33 1/3: Pink Moon
LibrosAmanda Petrusich

33 1/3: Pink Moon

3 / 10
Luis J. Menéndez — 04-07-2013
Empresa — Libros Crudos

En el año 2000 la casa Volkswagen sorprendió a medio mundo con una campaña publicitaria para TV en la que sonaba “Pink Moon” de Nick Drake. A decir verdad no estoy del todo seguro si aquel comercial llegó a pasarse por la TV española, aunque me parece tener un lejano recuerdo del mismo. Lo que está claro es que en nuestro país el anuncio en cuestión, que presentaba al potencial comprador de un Volkswagen como ese romántico empedernido que disfruta de la luz de la luna tanto como de la música de Drake, no tuvo la influencia decisiva en la popularización del cantautor británico que parece ser sí que ejerció en los EEUU. Bienvenidos al nuevo siglo, ese tiempo en el que el testamento musical de un genio sumido en la desesperación se utiliza alegremente para vender automóviles. Aún podría haber sido peor: lo raro es que a algún creativo aún no se le haya ocurrido elegir canción de Nick Drake para promocionar un seguro de vida…

Igualmente Amanda Petrusich -una de las reputadas firmas del sitio web Pitchforkmedia- y este libro perteneciente a la colección 33 1/3 son también hijos de su tiempo. A la Petrusich se la presupone rondando la treintena si hilamos la historia con la que arranca el libro en la que cuenta cómo se desarrolló a lo largo del tiempo su relación con “Pink Moon”: el disco fue su escucha favorita de camino a la Universidad durante un tiempo. Lo insustancial de la anécdota dice sin embargo mucho sobre la forma en que “consumimos” música en 2013, sus efectos sobre nuestras vidas (bastante limitado, la verdad) y también del modo en que la periodista neoyorquina desarrolla este pequeño librillo de apenas cien páginas. Puede que no haya tirado de Wikipedia… pero casi.

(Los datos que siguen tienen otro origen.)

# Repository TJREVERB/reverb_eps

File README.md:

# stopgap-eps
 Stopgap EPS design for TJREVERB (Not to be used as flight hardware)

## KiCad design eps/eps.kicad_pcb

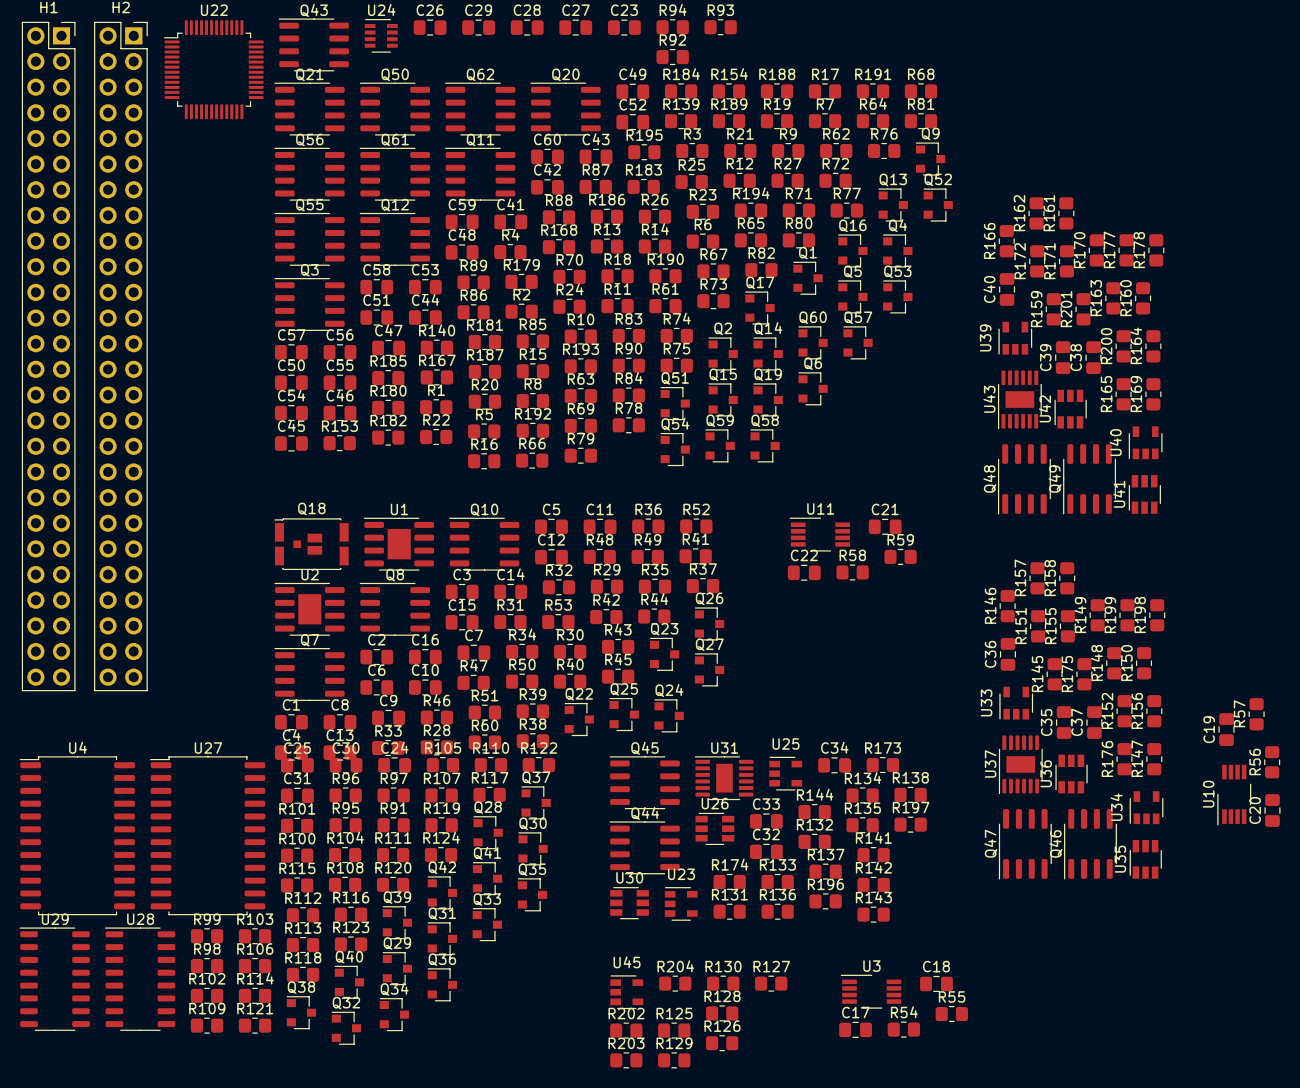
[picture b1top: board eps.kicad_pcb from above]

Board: 2 copper layers, 355 parts (0 on the bottom side), 259 nets, no tracks yet.

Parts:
C1, C2, C9, C10, C18, C20, C22, C32, C34, C35, C37, C38, C40: 10uF; C_0805_2012Metric_Pad1.18x1.45mm_HandSolder
C3, C4, C12, C13, C16, C23, C24, C25, C26, C28, C30, C31, C44, C45, C46, C50, C51, C52, C55, C56, C59, C60: 0.1uF; C_0805_2012Metric_Pad1.18x1.45mm_HandSolder
C5, C6, C7: 47uF; C_0805_2012Metric_Pad1.18x1.45mm_HandSolder
C8: 100uF; C_0805_2012Metric_Pad1.18x1.45mm_HandSolder
C11, C14, C15, C27, C29, C33, C36, C39, C41, C42, C43, C47, C48, C49, C53, C54, C57, C58: 1uF; C_0805_2012Metric_Pad1.18x1.45mm_HandSolder
C17, C19, C21: 0.01uF; C_0805_2012Metric_Pad1.18x1.45mm_HandSolder
H1: EPS Stack Header 2; PinSocket_2x26_P2.54mm_Vertical
H2: EPS Stack Header 1; PinSocket_2x26_P2.54mm_Vertical
Q1, Q2, Q4, Q5, Q6, Q9, Q13, Q14, Q15, Q16, Q17, Q19, Q22, Q23, Q24, Q25, Q26, Q27, Q51, Q52, Q53, Q54, Q57, Q58, Q59, Q60: 2N7002; SOT-23
Q3, Q7, Q8, Q10, Q11, Q12, Q20, Q21, Q43, Q44, Q45, Q46, Q47, Q48, Q49, Q50, Q55, Q56, Q61, Q62: IRF7425; SOIC-8_3.9x4.9mm_P1.27mm
Q18: IRF8302M; DirectFET_MX
Q28, Q29, Q30, Q31, Q32, Q33, Q34, Q35, Q36, Q37, Q38, Q39, Q40, Q41, Q42: IRLML6344; SOT-23
R1, R2, R4, R24, R25, R26, R82, R83, R133, R134, R147, R148, R161, R162, R180, R181, R203: 100R; R_0805_2012Metric_Pad1.20x1.40mm_HandSolder
R3, R5, R6, R7, R8, R9, R10, R11, R12, R18, R19, R20, R21, R22, R23, R27, R32, R33, R36, R37, R38, R41, R42, R46, R48, R49, R50, R51, R52, R53, R60, R62, R63, R64, R65, R66, R67, R68, R69, R76, R77, R78, R79, R80, R81, R84, R85, R86, R87, R88, R89, R92, R94, R154, R167, R168, R179, R182, R183, R184, R185, R186, R187, R192, R193, R194, R195: 10K; R_0805_2012Metric_Pad1.20x1.40mm_HandSolder
R13, R14, R43, R44, R61, R70, R71, R72, R90, R139, R188, R189: 15m; R_0805_2012Metric_Pad1.20x1.40mm_HandSolder
R15, R16, R17, R73, R74, R75, R140, R153, R190, R191: 15K; R_0805_2012Metric_Pad1.20x1.40mm_HandSolder
R28: 322K; R_0805_2012Metric_Pad1.20x1.40mm_HandSolder
R29: 678K; R_0805_2012Metric_Pad1.20x1.40mm_HandSolder
R30: 11.2M; R_0805_2012Metric_Pad1.20x1.40mm_HandSolder
R31, R39, R40, R91, R125, R126, R127, R128, R129, R130, R197, R199, R201: 100K; R_0805_2012Metric_Pad1.20x1.40mm_HandSolder
R34: 10m; R_0805_2012Metric_Pad1.20x1.40mm_HandSolder
R35: 40K; R_0805_2012Metric_Pad1.20x1.40mm_HandSolder
R45, R47: 27K; R_0805_2012Metric_Pad1.20x1.40mm_HandSolder
R54, R56, R58: 5K; R_0805_2012Metric_Pad1.20x1.40mm_HandSolder
R55, R57, R59: 45.5K; R_0805_2012Metric_Pad1.20x1.40mm_HandSolder
R93: 50K; R_0805_2012Metric_Pad1.20x1.40mm_HandSolder
R95, R99, R109, R111: 2.7K; R_0805_2012Metric_Pad1.20x1.40mm_HandSolder
R96, R98, R100, R102, R104, R106, R108, R110, R112, R114, R116, R118, R120, R122, R124, R135, R136, R149, R150, R163, R164, R204: 1K; R_0805_2012Metric_Pad1.20x1.40mm_HandSolder
R97, R105, R107: 3.9K; R_0805_2012Metric_Pad1.20x1.40mm_HandSolder
R101, R103, R113, R115, R117, R119, R121, R123: 1.2K; R_0805_2012Metric_Pad1.20x1.40mm_HandSolder
R131, R132, R145, R146, R159, R160, R202: 20m; R_0805_2012Metric_Pad1.20x1.40mm_HandSolder
R137, R138, R151, R152, R165, R166: 470K; R_0805_2012Metric_Pad1.20x1.40mm_HandSolder
R141, R155, R169: 52.8K; R_0805_2012Metric_Pad1.20x1.40mm_HandSolder
R142, R156, R170: 490K; R_0805_2012Metric_Pad1.20x1.40mm_HandSolder
R143, R157, R171: 330K; R_0805_2012Metric_Pad1.20x1.40mm_HandSolder
R144, R158, R172: 50m; R_0805_2012Metric_Pad1.20x1.40mm_HandSolder
R173, R174, R175, R176, R177, R178, R196, R198, R200: R; R_0805_2012Metric_Pad1.20x1.40mm_HandSolder
U1: ADP2303ARDZ-3.3; SOIC-8-1EP_3.9x4.9mm_P1.27mm_EP2.29x3mm
U2: ADP2303ARDZ-5.0; SOIC-8-1EP_3.9x4.9mm_P1.27mm_EP2.29x3mm
U3, U10, U11: TLC555xPS; VSSOP-8_3.0x3.0mm_P0.65mm
U4, U27: CD74HC4067M; SOIC-24W_7.5x15.4mm_P1.27mm
U22: STM32F103C8Tx; LQFP-48_7x7mm_P0.5mm
U23, U25, U33, U34, U39, U40, U45: LT6106; SOT-23-5
U24: MAX6369; SOT-23-8
U26, U30, U35, U36, U41, U42: LTC4412xS6; TSOT-23-6
U28, U29: 74HC595; SO-16_3.9x9.9mm_P1.27mm
U31, U37, U43: LT3652EMSE; MSOP-12-1EP_3x4mm_P0.65mm_EP1.65x2.85mm

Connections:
3V3RAW: C5.1, C7.1, C23.1, C24.1, C25.1, C26.1, C27.1, C30.1, C31.1, Q10.1, Q10.2, Q10.3, Q43.4, R50.1, R92.1, R94.1, U1.5, U4.24, U22.1, U22.24, U22.36, U22.48, U24.5, U24.6, U24.8, U27.24, U28.10, U28.16, U29.10, U29.16
3V3RESETPLS: R54.2, U3.2
5VRESETPLS: R56.2, U10.2
+3V3: H2.27, H2.28, Q12.1, Q12.2, Q12.3, Q50.1, Q50.2, Q50.3, Q62.1, Q62.2, Q62.3, R12.1, R44.1, R69.1, R103.1, R187.1
+5V: H2.25, H2.26, Q11.1, Q11.2, Q11.3, Q21.1, Q21.2, Q21.3, Q56.1, Q56.2, Q56.3, R11.1, R43.1, R68.1, R89.1, R101.1
+12V: H2.23, H2.24, Q3.1, Q3.2, Q3.3, Q20.1, Q20.2, Q20.3, R5.1, R67.1, R97.1
+BATT: H2.45, H2.46, Q55.1, Q55.2, Q55.3, Q61.1, Q61.2, Q61.3, R34.1, R88.1, R99.1, R186.1
/AnalogTelemetry/AMUX: U4.1, U27.1
/AnalogTelemetry/BRDTMP: R91.1, U27.16
/AnalogTelemetry/EN1: Q28.1, U28.15
/AnalogTelemetry/EN2: Q29.1, U28.1
/AnalogTelemetry/EN3: Q30.1, U28.2
/AnalogTelemetry/EN4: Q31.1, U28.3
/AnalogTelemetry/EN5: Q32.1, U28.4
/AnalogTelemetry/EN6: Q33.1, U28.5
/AnalogTelemetry/EN7: Q34.1, U28.6
/AnalogTelemetry/EN8: Q35.1, U28.7
/AnalogTelemetry/EN9: Q36.1, U29.15
/AnalogTelemetry/EN10: Q37.1, U29.1
/AnalogTelemetry/EN11: Q38.1, U29.2
/AnalogTelemetry/EN12: Q39.1, U29.3
/AnalogTelemetry/EN13: Q40.1, U29.4
/AnalogTelemetry/EN14: Q41.1, U29.5
/AnalogTelemetry/EN15: Q42.1, U29.6
/AnalogTelemetry/RCLK: U28.12, U29.12
/AnalogTelemetry/SEL0: U4.10, U27.10
/AnalogTelemetry/SEL1: U4.11, U27.11
/AnalogTelemetry/SEL2: U4.14, U27.14
/AnalogTelemetry/SEL3: U4.13, U27.13
/AnalogTelemetry/SRCLK: U28.11, U29.11
/AnalogTelemetry/VBCR_OUT: R95.2, R96.1, U4.9
/AnalogTelemetry/VPCM3V3: R103.2, R104.1, U4.5
/AnalogTelemetry/VPCM5V: R101.2, R102.1, U4.6
/AnalogTelemetry/VPCM12V: R97.2, R98.1, U4.8
/AnalogTelemetry/VPCMBATV: R99.2, R100.1, U4.7
/AnalogTelemetry/VSW1: R105.2, R106.1, U4.4
/AnalogTelemetry/VSW2: R107.2, R108.1, U4.3
/AnalogTelemetry/VSW3: R109.2, R110.1, U4.2
/AnalogTelemetry/VSW4: R111.2, R112.1, U4.23
/AnalogTelemetry/VSW5: R113.2, R114.1, U4.22
/AnalogTelemetry/VSW6: R115.2, R116.1, U4.21
/AnalogTelemetry/VSW7: R117.2, R118.1, U4.20
/AnalogTelemetry/VSW8: R119.2, R120.1, U4.19
/AnalogTelemetry/VSW9: R121.2, R122.1, U4.18
/AnalogTelemetry/VSW10: R123.2, R124.1, U4.17
/BCR/SA1AV: R131.2, R133.2, U23.5
/BCR/SA1BV: R132.2, R134.2, U25.5
/BCR/SA2AV: R145.2, R147.2, U33.5
/BCR/SA2BV: R146.2, R148.2, U34.5
/BCR/SA3AV: R159.2, R161.2, U39.5
/BCR/SA3BV: R160.2, R162.2, U40.5
/HNDSHK: R93.1, U22.19, U24.1
/PCM/3v3gate: Q25.1, U3.3
/PCM/5VGATE: Q26.1, U10.3
/PCM/BATGATE: Q27.1, R60.1, U11.3
/RESET: R94.2, U22.7, U22.18, U24.7
/TSET: R92.2, U22.39, U24.4
BATRESETPLS: R58.2, U11.2
BCR1ASTAT: R137.2, U26.4
BCR1BSTAT: R138.2, U30.4
BCR1OUT: C34.1, C37.1, C40.1, R142.1, R144.1, R156.1, R158.1, R170.1, R172.1, R202.2, R203.2, U31.9, U37.9, U43.9, U45.5
BCR2ASTAT: R151.2, U35.4
BCR2BSTAT: R152.2, U36.4
BCR3ASTAT: R165.2, U41.4
BCR3BSTAT: R166.2, U42.4
BCR_OUT: H2.41, H2.42, H2.43, H2.44, R95.1, R202.1, U45.4
GND: C1.2, C2.2, C5.2, C6.2, C7.2, C8.2, C9.2, C10.2, C11.2, C12.2, C13.2, C14.2, C15.2, C16.2, C17.2, C18.2, C19.2, C20.2, C21.2, C22.2, C23.2, C24.2, C25.2, C26.2, C27.2, C28.2, C29.2, C30.2, C31.2, C32.2, C34.2, C35.2, C37.2, C38.2, C40.2, C41.2, C42.2, C43.2, C44.1, C45.1, C46.1, C47.2, C48.2, C49.2, C50.1, C51.1, C52.1, C53.2, C54.2, C55.1, C56.1, C57.2, C58.2, C59.1, C60.1, H2.9, H2.14, H2.17, H2.21, H2.22, H2.29, H2.30, H2.32, H2.47, H2.48, Q2.2, Q5.2, Q9.2, Q14.2, Q16.2, Q19.2, Q22.2, Q23.2, Q24.2, Q25.2, Q27.2, Q28.2, Q29.2, Q30.2, Q31.2, Q32.2, Q33.2, Q34.2, Q35.2, Q36.2, Q37.2, Q38.2, Q39.2, Q40.2, Q41.2, Q42.2, Q52.2, Q54.2, Q58.2, Q60.2, R3.2, R6.2, R7.2, R21.2, R22.2, R23.2, R27.2, R28.2, R36.2, R46.2, R48.2, R60.2, R62.2, R63.2, R79.2, R80.2, R81.2, R84.2, R85.2, R91.2, R93.2, R135.2, R136.2, R143.2, R149.2, R150.2, R157.2, R163.2, R164.2, R168.2, R171.2, R179.2, R182.2, R183.2, R194.2, R195.2, R197.2, R199.2, R201.2, R204.2, U1.7, U1.9, U2.7, U2.9, U3.1, U4.12, U10.1, U11.1, U22.8, U22.23, U22.35, U22.47, U23.2, U24.2, U25.2, U26.2, U26.3, U27.12, U28.8, U28.13, U29.8, U29.13, U30.2, U30.3, U31.6, U31.13, U33.2, U34.2, U35.2, U35.3, U36.2, U36.3, U37.6, U37.13, U39.2, U40.2, U41.2, U41.3, U42.2, U42.3, U43.6, U43.13, U45.2
I3V3: R47.1, U27.5
I5V: R45.1, U27.6
IBATV: R35.1, U27.7
IBCR1A: R135.1, U23.1
IBCR1B: R136.1, U25.1
IBCR2A: R149.1, U33.1
IBCR2B: R150.1, U34.1
IBCR3A: R163.1, U39.1
IBCR3B: R164.1, U40.1
IBCR_OUT: R204.1, U27.9, U45.1
ISW1: R15.1, U27.4
ISW2: R73.1, U27.3
ISW3: R140.1, U27.2
ISW4: R190.1, U27.23
ISW5: R16.1, U27.22
ISW6: R74.1, U27.21
ISW7: R153.1, U27.20
ISW8: R191.1, U27.19
ISW9: R17.1, U27.18
ISW10: R75.1, U27.17
unnamed: C3.1, U1.1
unnamed: C3.2, U1.8
unnamed: C4.1, U2.1
unnamed: C4.2, U2.8
unnamed: C6.1, Q8.1, Q8.2, Q8.3, R49.1, U2.5
unnamed: C17.1, U3.5
unnamed: C18.1, R55.2, U3.6, U3.7
unnamed: C19.1, U10.5
unnamed: C20.1, R57.2, U10.6, U10.7
unnamed: C21.1, U11.5
unnamed: C22.1, R59.2, U11.6, U11.7
unnamed: C33.1, U31.12
unnamed: C33.2, U31.11
unnamed: C36.1, U37.12
unnamed: C36.2, U37.11
unnamed: C39.1, U43.12
unnamed: C39.2, U43.11
unnamed: R144.2, U31.10
unnamed: R158.2, U37.10
unnamed: R172.2, U43.10
unnamed: Q1.1, R1.1, R3.1
unnamed: Q1.2, Q2.3
unnamed: Q1.3, Q3.4, R5.2
unnamed: Q2.1, R8.2
unnamed: Q3.5, Q3.6, Q3.7, Q3.8, R61.2
unnamed: Q4.1, R2.1, R6.1
unnamed: Q4.2, Q5.3
unnamed: Q5.1, R9.2
unnamed: Q6.1, R4.1, R7.1
unnamed: Q6.2, Q9.3
unnamed: Q7.5, Q7.6, Q7.7, Q7.8, R34.2
unnamed: Q8.5, Q8.6, Q8.7, Q8.8, R43.2
unnamed: Q9.1, R10.2
unnamed: Q10.4, Q24.3, R50.2
unnamed: Q10.5, Q10.6, Q10.7, Q10.8, R44.2
unnamed: Q4.3, Q11.4, R11.2
unnamed: Q11.5, Q11.6, Q11.7, Q11.8, R13.2
unnamed: Q6.3, Q12.4, R12.2
unnamed: Q12.5, Q12.6, Q12.7, Q12.8, R14.2
unnamed: Q13.1, R24.1, R27.1
unnamed: Q13.2, Q14.3
unnamed: Q13.3, Q20.4, R67.2
unnamed: Q14.1, R64.2
unnamed: Q15.1, R25.1, R62.1
unnamed: Q15.2, Q16.3
unnamed: Q15.3, Q21.4, R68.2
unnamed: Q16.1, R65.2
unnamed: Q17.1, R26.1, R63.1
unnamed: Q17.2, Q19.3
unnamed: Q17.3, Q50.4, R69.2
unnamed: Q19.1, R66.2
unnamed: Q20.5, Q20.6, Q20.7, Q20.8, R70.2
unnamed: Q21.5, Q21.6, Q21.7, Q21.8, R71.2
unnamed: Q22.1, Q27.3, R38.1
unnamed: Q7.4, Q22.3, R33.2
unnamed: Q23.1, R51.1
unnamed: Q8.4, Q23.3, R49.2
unnamed: Q24.1, R42.1
unnamed: Q25.3, R39.2, R52.2, U1.3
unnamed: Q26.3, R40.1, R53.2, U2.3
unnamed: Q28.3, R96.2
unnamed: Q29.3, R98.2
unnamed: Q30.3, R100.2
unnamed: Q31.3, R102.2
unnamed: Q32.3, R104.2
unnamed: Q33.3, R106.2
unnamed: Q34.3, R108.2
unnamed: Q35.3, R110.2
unnamed: Q36.3, R112.2
unnamed: Q37.3, R114.2
unnamed: Q38.3, R116.2
unnamed: Q39.3, R118.2
unnamed: Q40.3, R120.2
unnamed: Q41.3, R122.2
unnamed: Q42.3, R124.2
unnamed: Q43.5, Q43.6, Q43.7, Q43.8, U22.9
unnamed: Q44.4, U26.5
unnamed: Q44.5, Q44.6, Q44.7, Q44.8, R131.1, U23.4, U26.1
unnamed: Q45.4, U30.5
unnamed: Q45.5, Q45.6, Q45.7, Q45.8, R132.1, U25.4, U30.1
unnamed: Q46.4, U35.5
unnamed: Q46.5, Q46.6, Q46.7, Q46.8, R145.1, U33.4, U35.1
unnamed: Q47.4, U36.5
unnamed: Q47.5, Q47.6, Q47.7, Q47.8, R146.1, U34.4, U36.1
unnamed: Q48.4, U41.5
unnamed: Q48.5, Q48.6, Q48.7, Q48.8, R159.1, U39.4, U41.1
unnamed: Q49.4, U42.5
unnamed: Q49.5, Q49.6, Q49.7, Q49.8, R160.1, U40.4, U42.1
unnamed: Q50.5, Q50.6, Q50.7, Q50.8, R72.2
unnamed: Q51.1, R82.1, R84.1
unnamed: Q51.2, Q52.3
unnamed: Q51.3, Q55.4, R88.2
unnamed: Q52.1, R86.2
unnamed: Q53.1, R83.1, R85.1
unnamed: Q53.2, Q54.3
unnamed: Q53.3, Q56.4, R89.2
unnamed: Q54.1, R87.2
unnamed: Q55.5, Q55.6, Q55.7, Q55.8, R90.2
unnamed: Q56.5, Q56.6, Q56.7, Q56.8, R139.2
unnamed: Q57.1, R180.1, R182.1
unnamed: Q57.2, Q58.3
unnamed: Q57.3, Q61.4, R186.2
unnamed: Q58.1, R184.2
unnamed: Q59.1, R181.1, R183.1
unnamed: Q59.2, Q60.3
unnamed: Q59.3, Q62.4, R187.2
unnamed: Q60.1, R185.2
unnamed: Q61.5, Q61.6, Q61.7, Q61.8, R188.2
unnamed: Q62.5, Q62.6, Q62.7, Q62.8, R189.2
unnamed: R15.2, R21.1
unnamed: R16.2, R22.1
unnamed: R17.2, R23.1
unnamed: R28.1, R29.2
unnamed: R29.1, R30.2
unnamed: R35.2, R36.1
unnamed: R39.1, U1.4
unnamed: R40.2, U2.4
unnamed: R45.2, R46.1
unnamed: R47.2, R48.1
unnamed: R73.2, R79.1
unnamed: R74.2, R80.1
unnamed: R75.2, R81.1
unnamed: R133.1, U23.3
unnamed: R134.1, U25.3
unnamed: R140.2, R168.1
unnamed: R141.1, U31.7
unnamed: R141.2, R142.2, R143.1
unnamed: R147.1, U33.3
unnamed: R148.1, U34.3
unnamed: R153.2, R179.1
unnamed: R155.1, U37.7
unnamed: R155.2, R156.2, R157.1
unnamed: R161.1, U39.3
unnamed: R162.1, U40.3
unnamed: R169.1, U43.7
unnamed: R169.2, R170.2, R171.1
unnamed: R190.2, R194.1
unnamed: R191.2, R195.1
unnamed: R196.2, R197.1, U31.2
unnamed: R198.2, R199.1, U37.2
unnamed: R200.2, R201.1, U43.2
unnamed: R203.1, U45.3
unnamed: U28.9, U29.14
PCM_IN: H2.35, H2.36, Q18.1, R30.1, R31.1
PCM_IN_FILT: C1.1, C2.1, C8.1, C9.1, Q7.1, Q7.2, Q7.3, Q18.3, R33.1, R52.1, R53.1, U1.2, U2.2
RST3V3: C15.1, R41.2
RST5V: C14.1, R37.2
RSTBATT: C11.1, R32.2
RSTSW1: C41.1, R18.2
RSTSW2: C47.1, R76.2
RSTSW3: C53.1, R154.2
RSTSW4: C57.1, R192.2
RSTSW5: C42.1, R19.2
RSTSW6: C48.1, R77.2
RSTSW7: C54.1, R167.2
RSTSW8: C58.1, R193.2
RSTSW9: C43.1, R20.2
RSTSW10: C49.1, R78.2
SW1: H2.8, R61.1, R105.1
SW2: H2.10, R70.1, R107.1
SW3: H2.11, R90.1, R109.1
SW4: H2.12, R111.1, R188.1
SW5: H2.13, R13.1, R113.1
SW6: H2.15, R71.1, R115.1
SW7: H2.16, R117.1, R139.1
SW8: H2.18, R119.1, R189.1
SW9: H2.19, R14.1, R121.1
SW10: H2.20, R72.1, R123.1
VBCR1IN: C32.1, Q44.1, Q44.2, Q44.3, Q45.1, Q45.2, Q45.3, R196.1, U26.6, U30.6, U31.1, U31.3
VBCR2IN: C35.1, Q46.1, Q46.2, Q46.3, Q47.1, Q47.2, Q47.3, R198.1, U35.6, U36.6, U37.1, U37.3
VBCR3IN: C38.1, Q48.1, Q48.2, Q48.3, Q49.1, Q49.2, Q49.3, R200.1, U41.6, U42.6, U43.1, U43.3
VCC: C10.1, C12.1, C13.1, C16.1, C28.1, C29.1, C44.2, C45.2, C46.2, C50.2, C51.2, C52.2, C55.2, C56.2, C59.2, C60.2, Q43.1, Q43.2, Q43.3, R8.1, R9.1, R10.1, R18.1, R19.1, R20.1, R32.1, R37.1, R38.2, R41.1, R42.2, R51.2, R54.1, R55.1, R56.1, R57.1, R58.1, R59.1, R64.1, R65.1, R66.1, R76.1, R77.1, R78.1, R86.1, R87.1, R125.1, R126.1, R127.1, R128.1, R129.1, R130.1, R137.1, R138.1, R151.1, R152.1, R154.1, R165.1, R166.1, R167.1, R184.1, R185.1, R192.1, R193.1, U3.4, U3.8, U10.4, U10.8, U11.4, U11.8

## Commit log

2021-10-24 fourteen mosfets
2021-10-25 24 mosfets
2021-10-25 correct p channel orientation, bias bus to be on with no input
2021-10-25 switching regs
2021-10-26 switching regulators
2021-11-02 organization
2021-11-02 implement uvp/ovp
2021-11-02 current limiters
2021-11-02 add pcm resets
2021-11-02 switch vcc to 3.3v, add battery switching mosfet
2021-11-02 add analog mux for current sense
2021-11-03 add watchdog ic and mppt ics
2021-11-03 modify mux, implement hw watchdog, standardize p channel mosfets to irf7425
2021-11-03 replace irlz44n with irf8302
2021-11-04 voltage dividers and move analog telem to new sheet
2021-11-04 bcr work
2021-11-05 start on adding LCLs to PDMs
2021-11-05 implement PDM LCLs
2021-11-13 update pcbnew

En España hemos tenido la suerte de ver publicados en los últimos años dos notables biografías sobre Drake: “Pink Moon” del poeta danés Gorm Henrik Rasmussen data de 1986 y fue uno de los primeros estudios serios que se hicieron sobre el músico británico, escrito desde la más profunda admiración; mientras que “En busca de Nick Drake” del periodista de la BBC Trevor Dann es posiblemente la más completa revisión de su vida obra y, sí, milagros. También ha sido publicado en España el recomendabilísimo “Blancas bicicletas”, memorias del hombre más importante en la breve carrera del músico británico, Joe Boyd, que dedica casi la mitad del libro a la figura de Drake. Petrusich picotea de estas lecturas para completar una fugaz biografía que lejos de ahondar en las circunstancias que rodearon a la grabación de “Pink Moon” se recrea en los tópicos de siempre: la depresión, el músico abandonado y el maldito malditismo.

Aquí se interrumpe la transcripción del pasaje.